Misil contra Francisco

La Jornada


El arzobispo Carlo Maria Vigano acusó al papa Francisco de encubrir los abusos sexuales del cardenal estadunidense Theodore McCarrick. En la carta de 11 páginas difundida ayer, el ex nuncio en Washington aseguró que cuando Jorge Bergoglio accedió al pontificado, en 2013, se reunió con él e hizo de su conocimiento el historial de McCarrick, así como las supuestas sanciones canónicas que le habría impues-to el papa emérito Benedicto XVI. Tras realizar su denuncia, afirmó, únicamente recibió el silencio del pontífice, quien incluso habría buscado la asesoría de McCarrick en diver-sos asuntos.


Una acusación de esta gravedad no puede minimizarse ni relativizarse, pero sí debe ponerse en contexto. Vigano pertenece a un grupo de jerarcas católicos ultraconservadores de Estados Unidos, quienes se encuentran en abierta oposición a Francisco por sus posiciones modernas –en comparación con las históricamente sostenidas por el Vaticano– en temas sociales y, en particular, en lo que respecta a la posición de la Iglesia ante las personas homosexuales.

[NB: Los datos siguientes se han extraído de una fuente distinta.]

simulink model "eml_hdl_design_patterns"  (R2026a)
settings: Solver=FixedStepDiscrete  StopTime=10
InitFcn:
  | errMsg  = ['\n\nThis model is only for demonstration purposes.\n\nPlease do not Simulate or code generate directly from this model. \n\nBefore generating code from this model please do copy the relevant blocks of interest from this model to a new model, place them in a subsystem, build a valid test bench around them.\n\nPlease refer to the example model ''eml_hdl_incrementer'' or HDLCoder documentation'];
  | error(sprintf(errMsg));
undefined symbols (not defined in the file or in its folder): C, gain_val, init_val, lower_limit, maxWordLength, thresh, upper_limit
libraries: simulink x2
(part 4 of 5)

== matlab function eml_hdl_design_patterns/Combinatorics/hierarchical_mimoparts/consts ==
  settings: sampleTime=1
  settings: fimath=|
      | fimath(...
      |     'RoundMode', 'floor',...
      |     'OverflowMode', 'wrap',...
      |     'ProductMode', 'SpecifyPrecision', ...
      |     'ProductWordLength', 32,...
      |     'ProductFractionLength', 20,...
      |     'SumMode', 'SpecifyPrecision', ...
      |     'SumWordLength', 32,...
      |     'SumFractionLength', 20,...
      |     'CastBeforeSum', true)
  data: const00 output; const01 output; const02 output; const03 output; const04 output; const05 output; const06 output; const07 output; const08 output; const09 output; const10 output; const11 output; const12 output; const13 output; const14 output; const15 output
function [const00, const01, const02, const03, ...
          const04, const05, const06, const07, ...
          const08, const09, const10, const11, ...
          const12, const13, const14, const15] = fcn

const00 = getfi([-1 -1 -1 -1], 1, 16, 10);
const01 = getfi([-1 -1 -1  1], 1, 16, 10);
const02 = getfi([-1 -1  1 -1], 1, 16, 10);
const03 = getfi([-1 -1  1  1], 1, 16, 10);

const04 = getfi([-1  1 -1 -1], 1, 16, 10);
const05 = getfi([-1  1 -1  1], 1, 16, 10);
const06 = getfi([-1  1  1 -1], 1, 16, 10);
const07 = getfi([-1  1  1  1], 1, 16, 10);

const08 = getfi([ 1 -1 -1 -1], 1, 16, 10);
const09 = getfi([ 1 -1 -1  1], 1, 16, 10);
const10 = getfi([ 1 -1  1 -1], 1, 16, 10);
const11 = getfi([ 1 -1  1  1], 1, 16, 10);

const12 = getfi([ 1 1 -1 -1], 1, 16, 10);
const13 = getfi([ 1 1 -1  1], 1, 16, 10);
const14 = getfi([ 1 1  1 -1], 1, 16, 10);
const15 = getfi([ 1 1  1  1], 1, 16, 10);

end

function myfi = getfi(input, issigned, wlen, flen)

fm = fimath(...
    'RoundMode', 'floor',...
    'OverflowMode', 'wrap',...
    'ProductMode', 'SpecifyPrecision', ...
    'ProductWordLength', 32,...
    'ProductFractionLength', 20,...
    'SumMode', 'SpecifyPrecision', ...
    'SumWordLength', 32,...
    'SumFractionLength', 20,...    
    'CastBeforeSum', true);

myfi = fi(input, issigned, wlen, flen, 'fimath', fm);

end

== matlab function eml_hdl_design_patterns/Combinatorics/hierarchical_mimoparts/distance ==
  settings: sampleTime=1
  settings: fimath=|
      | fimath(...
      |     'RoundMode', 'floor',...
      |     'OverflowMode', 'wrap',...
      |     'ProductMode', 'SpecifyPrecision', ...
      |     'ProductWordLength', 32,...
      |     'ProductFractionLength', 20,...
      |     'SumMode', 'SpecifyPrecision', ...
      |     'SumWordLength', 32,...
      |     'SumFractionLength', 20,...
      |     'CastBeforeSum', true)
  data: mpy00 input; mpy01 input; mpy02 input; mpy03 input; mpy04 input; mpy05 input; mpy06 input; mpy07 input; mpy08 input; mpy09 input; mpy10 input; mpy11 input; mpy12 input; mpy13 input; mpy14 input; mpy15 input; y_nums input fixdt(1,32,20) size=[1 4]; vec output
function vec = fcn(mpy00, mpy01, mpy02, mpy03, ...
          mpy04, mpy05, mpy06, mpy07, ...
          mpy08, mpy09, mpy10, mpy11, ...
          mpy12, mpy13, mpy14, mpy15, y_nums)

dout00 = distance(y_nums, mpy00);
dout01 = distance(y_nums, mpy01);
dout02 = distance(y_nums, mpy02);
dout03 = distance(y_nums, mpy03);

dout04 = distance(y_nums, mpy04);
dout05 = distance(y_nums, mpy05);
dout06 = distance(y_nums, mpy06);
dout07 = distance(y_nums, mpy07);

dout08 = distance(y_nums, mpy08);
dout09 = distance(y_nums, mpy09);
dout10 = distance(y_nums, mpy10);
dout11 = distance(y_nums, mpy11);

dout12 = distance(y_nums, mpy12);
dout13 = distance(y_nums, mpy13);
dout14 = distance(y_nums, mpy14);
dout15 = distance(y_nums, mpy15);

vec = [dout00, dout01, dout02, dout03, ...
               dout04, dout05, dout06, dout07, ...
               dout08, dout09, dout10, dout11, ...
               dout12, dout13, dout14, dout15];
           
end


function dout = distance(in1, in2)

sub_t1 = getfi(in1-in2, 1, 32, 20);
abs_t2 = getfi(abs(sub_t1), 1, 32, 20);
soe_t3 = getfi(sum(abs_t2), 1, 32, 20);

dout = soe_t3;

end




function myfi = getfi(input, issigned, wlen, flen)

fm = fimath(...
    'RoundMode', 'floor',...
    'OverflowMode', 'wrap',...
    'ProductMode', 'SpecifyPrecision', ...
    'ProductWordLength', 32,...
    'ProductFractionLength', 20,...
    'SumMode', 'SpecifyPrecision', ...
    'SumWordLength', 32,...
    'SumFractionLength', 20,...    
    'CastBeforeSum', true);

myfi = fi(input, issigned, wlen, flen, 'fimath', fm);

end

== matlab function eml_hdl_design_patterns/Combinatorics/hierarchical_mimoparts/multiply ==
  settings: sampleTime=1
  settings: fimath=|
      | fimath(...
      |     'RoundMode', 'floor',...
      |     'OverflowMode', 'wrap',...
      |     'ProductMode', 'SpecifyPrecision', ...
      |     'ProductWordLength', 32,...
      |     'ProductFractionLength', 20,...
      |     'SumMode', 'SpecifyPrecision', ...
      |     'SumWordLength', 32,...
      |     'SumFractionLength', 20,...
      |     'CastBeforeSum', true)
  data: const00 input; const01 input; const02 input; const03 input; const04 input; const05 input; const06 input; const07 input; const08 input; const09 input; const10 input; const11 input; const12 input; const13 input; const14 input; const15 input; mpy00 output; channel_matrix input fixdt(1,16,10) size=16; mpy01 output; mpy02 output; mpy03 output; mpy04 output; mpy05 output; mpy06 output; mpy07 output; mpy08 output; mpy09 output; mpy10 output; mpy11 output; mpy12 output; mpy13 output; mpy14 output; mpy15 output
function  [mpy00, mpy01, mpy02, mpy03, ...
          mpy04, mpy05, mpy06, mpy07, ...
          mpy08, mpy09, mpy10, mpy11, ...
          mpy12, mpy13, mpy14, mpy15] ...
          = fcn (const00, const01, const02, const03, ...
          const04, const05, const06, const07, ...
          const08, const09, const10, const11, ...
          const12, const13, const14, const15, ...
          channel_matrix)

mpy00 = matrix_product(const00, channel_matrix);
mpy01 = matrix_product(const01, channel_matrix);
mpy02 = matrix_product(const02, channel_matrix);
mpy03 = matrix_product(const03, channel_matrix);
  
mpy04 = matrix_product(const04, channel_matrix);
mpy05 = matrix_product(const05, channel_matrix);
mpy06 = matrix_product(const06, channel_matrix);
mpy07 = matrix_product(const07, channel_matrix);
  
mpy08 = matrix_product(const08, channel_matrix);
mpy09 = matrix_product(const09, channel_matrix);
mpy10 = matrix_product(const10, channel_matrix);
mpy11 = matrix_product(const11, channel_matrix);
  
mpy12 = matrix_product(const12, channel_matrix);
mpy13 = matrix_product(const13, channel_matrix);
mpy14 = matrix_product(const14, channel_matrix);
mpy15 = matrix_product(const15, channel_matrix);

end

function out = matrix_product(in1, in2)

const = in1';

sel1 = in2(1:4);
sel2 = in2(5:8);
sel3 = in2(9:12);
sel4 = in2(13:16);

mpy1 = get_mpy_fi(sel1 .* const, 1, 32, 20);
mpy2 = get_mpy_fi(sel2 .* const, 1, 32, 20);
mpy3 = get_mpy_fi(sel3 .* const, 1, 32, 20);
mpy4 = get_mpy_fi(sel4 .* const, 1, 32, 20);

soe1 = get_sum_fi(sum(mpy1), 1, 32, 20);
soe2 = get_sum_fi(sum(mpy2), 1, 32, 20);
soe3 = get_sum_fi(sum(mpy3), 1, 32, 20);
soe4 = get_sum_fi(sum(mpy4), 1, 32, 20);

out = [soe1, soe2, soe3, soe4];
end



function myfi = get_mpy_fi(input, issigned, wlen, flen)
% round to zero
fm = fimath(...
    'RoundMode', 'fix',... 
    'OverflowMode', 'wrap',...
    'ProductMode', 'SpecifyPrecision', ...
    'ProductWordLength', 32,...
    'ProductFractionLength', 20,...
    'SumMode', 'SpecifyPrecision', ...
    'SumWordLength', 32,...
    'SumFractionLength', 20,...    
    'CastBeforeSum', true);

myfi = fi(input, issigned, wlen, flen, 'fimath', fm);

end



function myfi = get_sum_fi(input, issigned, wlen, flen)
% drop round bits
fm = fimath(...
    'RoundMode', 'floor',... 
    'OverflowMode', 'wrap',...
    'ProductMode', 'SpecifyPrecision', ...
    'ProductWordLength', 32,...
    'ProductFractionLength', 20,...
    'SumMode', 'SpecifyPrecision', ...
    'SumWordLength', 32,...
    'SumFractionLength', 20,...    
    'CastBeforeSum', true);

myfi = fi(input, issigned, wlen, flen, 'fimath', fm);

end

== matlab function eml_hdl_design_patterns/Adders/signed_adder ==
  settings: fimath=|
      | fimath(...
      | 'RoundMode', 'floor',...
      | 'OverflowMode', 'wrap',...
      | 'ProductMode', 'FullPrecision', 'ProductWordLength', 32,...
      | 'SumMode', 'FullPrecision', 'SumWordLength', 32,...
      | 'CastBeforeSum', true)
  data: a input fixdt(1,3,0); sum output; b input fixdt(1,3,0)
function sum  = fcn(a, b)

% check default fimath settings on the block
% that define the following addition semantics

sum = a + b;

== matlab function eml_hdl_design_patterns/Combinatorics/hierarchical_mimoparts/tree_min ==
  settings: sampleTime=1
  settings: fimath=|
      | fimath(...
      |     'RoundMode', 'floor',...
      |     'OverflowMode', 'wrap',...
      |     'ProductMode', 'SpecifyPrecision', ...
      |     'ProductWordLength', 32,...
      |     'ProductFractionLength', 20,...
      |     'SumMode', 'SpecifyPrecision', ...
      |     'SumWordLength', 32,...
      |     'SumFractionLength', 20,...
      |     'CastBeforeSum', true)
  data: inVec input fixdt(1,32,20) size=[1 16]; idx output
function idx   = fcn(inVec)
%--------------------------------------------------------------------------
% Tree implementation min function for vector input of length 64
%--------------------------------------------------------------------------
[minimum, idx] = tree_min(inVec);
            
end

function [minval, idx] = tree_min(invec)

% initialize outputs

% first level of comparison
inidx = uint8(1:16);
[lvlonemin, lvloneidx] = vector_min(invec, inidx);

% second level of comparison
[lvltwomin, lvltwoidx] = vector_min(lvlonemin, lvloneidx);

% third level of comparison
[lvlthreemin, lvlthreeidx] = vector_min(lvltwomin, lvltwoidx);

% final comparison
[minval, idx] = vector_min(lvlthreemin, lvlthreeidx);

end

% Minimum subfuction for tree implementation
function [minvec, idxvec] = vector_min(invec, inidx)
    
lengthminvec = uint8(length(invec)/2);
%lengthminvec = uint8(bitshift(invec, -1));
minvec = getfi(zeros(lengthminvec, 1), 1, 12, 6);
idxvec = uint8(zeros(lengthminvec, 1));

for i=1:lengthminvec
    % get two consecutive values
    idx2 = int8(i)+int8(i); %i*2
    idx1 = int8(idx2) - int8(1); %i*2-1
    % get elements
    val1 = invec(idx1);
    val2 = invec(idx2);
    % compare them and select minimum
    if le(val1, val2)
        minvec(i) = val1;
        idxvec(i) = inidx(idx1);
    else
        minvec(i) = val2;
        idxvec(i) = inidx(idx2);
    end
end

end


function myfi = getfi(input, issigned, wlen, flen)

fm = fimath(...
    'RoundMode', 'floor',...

De hecho, la carta de denuncia del también ex secretario general del Governatorato de la Ciudad del Vaticano se encuentra plagada de alusiones homofóbicas, y es conocida su postura de que la homosexualidad es la causa de la pederastia eclesial. Existe al menos un elemento objetivo que pone en duda la versión de Vigano: McCarrick continuó dando misas durante el pontificado de Benedicto XVI, algo que, afirma la misiva, le estuvo prohibido.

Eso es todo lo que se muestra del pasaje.